> ACTION ITEM
Reproduce each line of the entries that carries "ὀπτικός".

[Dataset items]

━━━━━━

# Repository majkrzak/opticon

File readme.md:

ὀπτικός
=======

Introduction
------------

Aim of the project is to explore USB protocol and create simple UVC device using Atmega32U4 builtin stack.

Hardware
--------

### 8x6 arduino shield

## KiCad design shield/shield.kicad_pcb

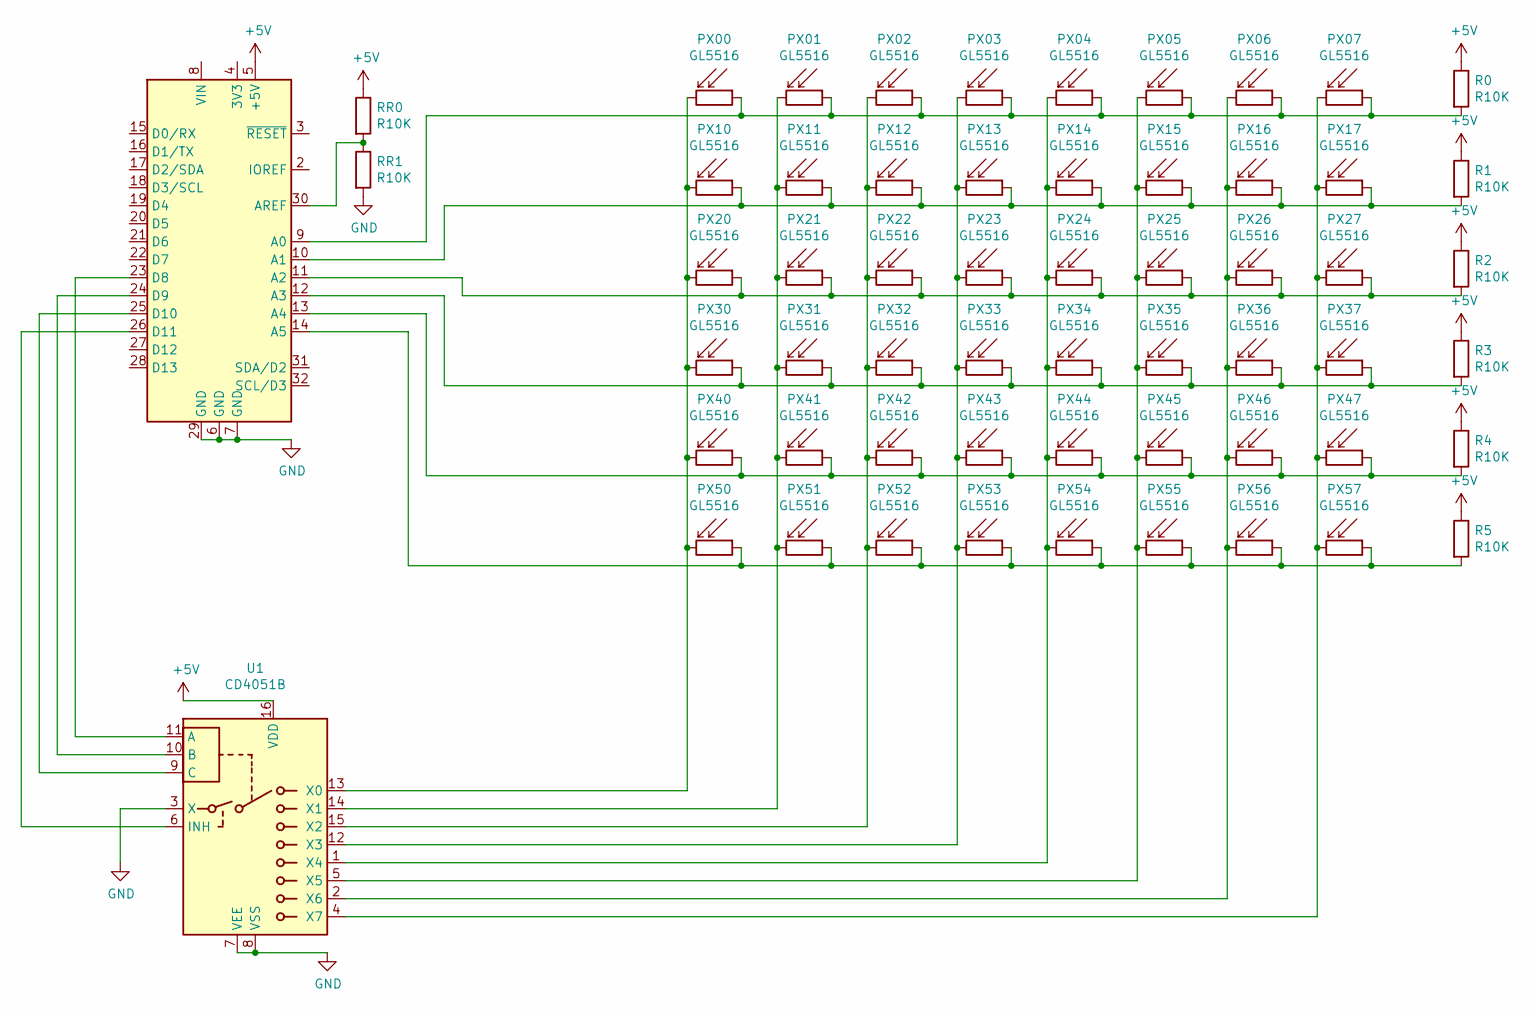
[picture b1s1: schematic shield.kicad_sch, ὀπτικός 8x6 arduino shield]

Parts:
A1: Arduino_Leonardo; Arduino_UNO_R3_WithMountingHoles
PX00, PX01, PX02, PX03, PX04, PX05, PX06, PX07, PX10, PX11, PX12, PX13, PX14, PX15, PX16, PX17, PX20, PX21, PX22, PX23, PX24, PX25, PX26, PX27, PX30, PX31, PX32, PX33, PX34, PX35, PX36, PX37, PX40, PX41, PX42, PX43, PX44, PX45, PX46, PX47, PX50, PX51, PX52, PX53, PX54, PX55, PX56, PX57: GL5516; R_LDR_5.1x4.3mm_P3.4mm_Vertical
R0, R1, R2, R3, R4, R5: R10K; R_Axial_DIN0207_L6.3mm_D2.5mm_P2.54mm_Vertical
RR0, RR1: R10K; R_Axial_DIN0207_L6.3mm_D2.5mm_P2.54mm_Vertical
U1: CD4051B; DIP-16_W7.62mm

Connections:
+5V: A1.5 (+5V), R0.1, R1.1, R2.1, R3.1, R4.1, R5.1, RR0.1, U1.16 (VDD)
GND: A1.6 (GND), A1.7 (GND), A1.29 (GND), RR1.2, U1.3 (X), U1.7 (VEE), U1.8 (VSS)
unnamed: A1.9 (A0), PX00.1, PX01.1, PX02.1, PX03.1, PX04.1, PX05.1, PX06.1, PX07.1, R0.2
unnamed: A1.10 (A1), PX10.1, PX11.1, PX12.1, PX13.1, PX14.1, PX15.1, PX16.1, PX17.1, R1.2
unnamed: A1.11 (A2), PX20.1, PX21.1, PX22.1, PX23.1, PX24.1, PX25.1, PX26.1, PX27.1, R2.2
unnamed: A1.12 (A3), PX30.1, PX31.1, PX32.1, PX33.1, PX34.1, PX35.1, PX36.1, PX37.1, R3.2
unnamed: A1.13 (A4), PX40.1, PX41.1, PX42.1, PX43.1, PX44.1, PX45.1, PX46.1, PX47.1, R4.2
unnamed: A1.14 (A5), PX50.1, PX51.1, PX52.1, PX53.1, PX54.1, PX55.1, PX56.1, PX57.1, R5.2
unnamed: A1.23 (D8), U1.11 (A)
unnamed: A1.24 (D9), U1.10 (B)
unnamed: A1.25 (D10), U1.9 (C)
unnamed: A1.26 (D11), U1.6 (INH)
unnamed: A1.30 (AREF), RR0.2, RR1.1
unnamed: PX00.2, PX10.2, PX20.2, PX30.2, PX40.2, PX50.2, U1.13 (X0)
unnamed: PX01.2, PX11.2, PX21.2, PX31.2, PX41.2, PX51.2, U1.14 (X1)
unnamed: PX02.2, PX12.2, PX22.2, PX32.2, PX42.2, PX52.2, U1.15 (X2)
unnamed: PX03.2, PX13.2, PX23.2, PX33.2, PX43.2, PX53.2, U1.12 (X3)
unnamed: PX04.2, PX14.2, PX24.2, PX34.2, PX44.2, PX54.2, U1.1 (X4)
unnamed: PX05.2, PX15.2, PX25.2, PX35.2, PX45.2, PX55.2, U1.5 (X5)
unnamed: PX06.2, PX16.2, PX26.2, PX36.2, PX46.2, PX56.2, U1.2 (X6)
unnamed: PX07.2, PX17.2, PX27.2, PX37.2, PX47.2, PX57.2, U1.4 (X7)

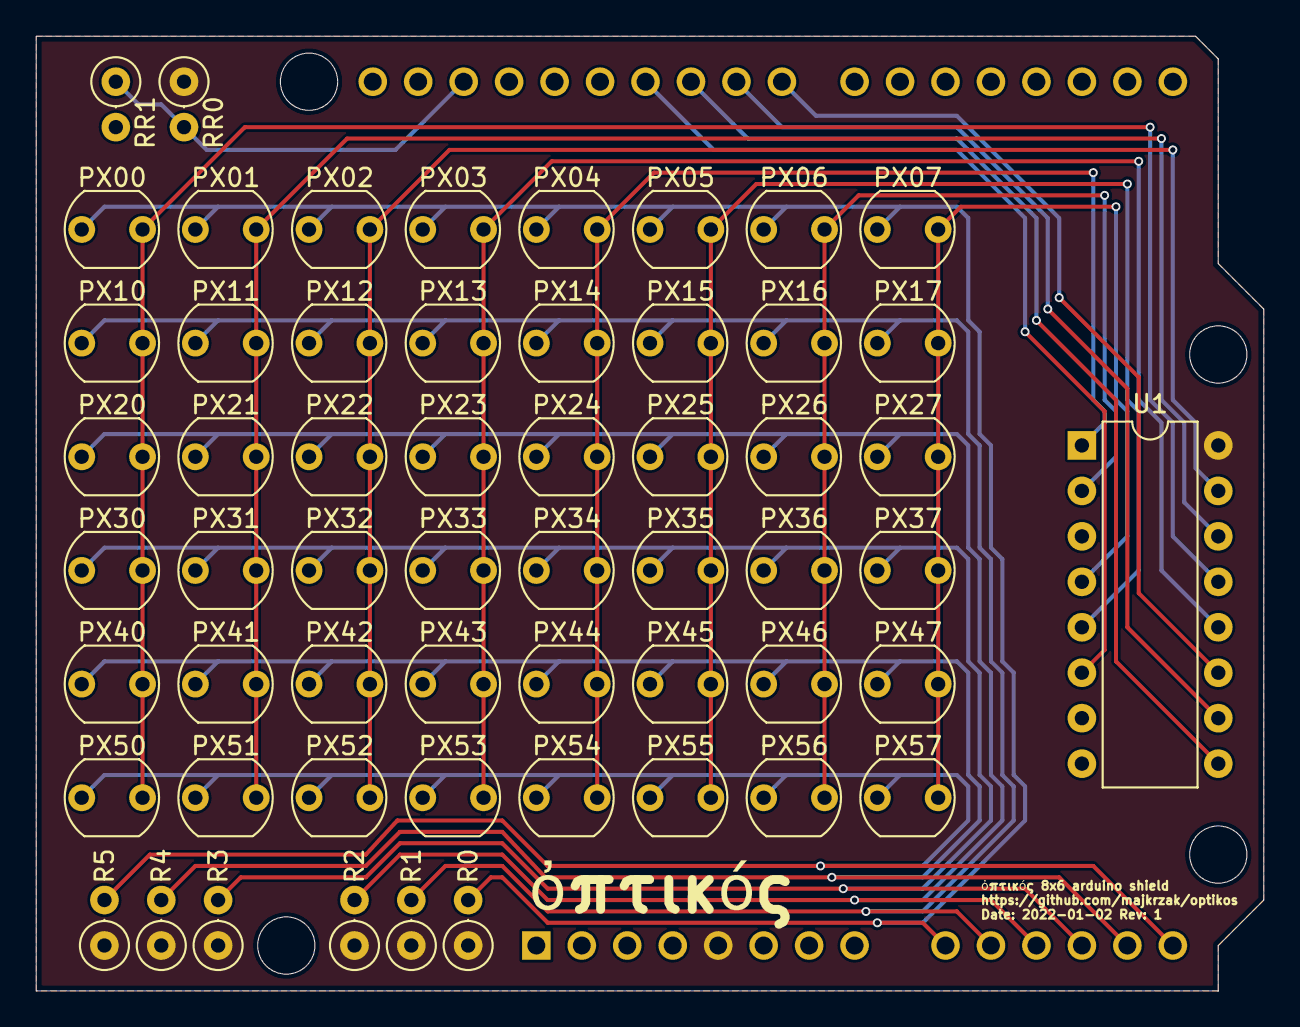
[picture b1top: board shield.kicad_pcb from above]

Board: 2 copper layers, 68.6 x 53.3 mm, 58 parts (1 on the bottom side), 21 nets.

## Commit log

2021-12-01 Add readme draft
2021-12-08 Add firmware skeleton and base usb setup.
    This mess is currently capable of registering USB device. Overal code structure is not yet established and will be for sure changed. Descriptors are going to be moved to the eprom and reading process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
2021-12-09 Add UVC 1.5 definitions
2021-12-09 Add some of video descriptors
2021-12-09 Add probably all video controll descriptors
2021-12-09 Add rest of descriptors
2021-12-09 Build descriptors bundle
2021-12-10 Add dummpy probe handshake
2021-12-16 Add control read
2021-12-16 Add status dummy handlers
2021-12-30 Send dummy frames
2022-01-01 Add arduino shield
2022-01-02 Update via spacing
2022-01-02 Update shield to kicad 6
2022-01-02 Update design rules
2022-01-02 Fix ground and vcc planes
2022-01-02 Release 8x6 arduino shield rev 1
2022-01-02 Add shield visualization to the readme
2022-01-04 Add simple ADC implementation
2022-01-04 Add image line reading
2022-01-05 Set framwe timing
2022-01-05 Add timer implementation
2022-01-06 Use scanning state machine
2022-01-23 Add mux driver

━━━━━━

> EXPECTED ANSWER
ὀπτικός
[picture b1s1: schematic shield.kicad_sch, ὀπτικός 8x6 arduino shield]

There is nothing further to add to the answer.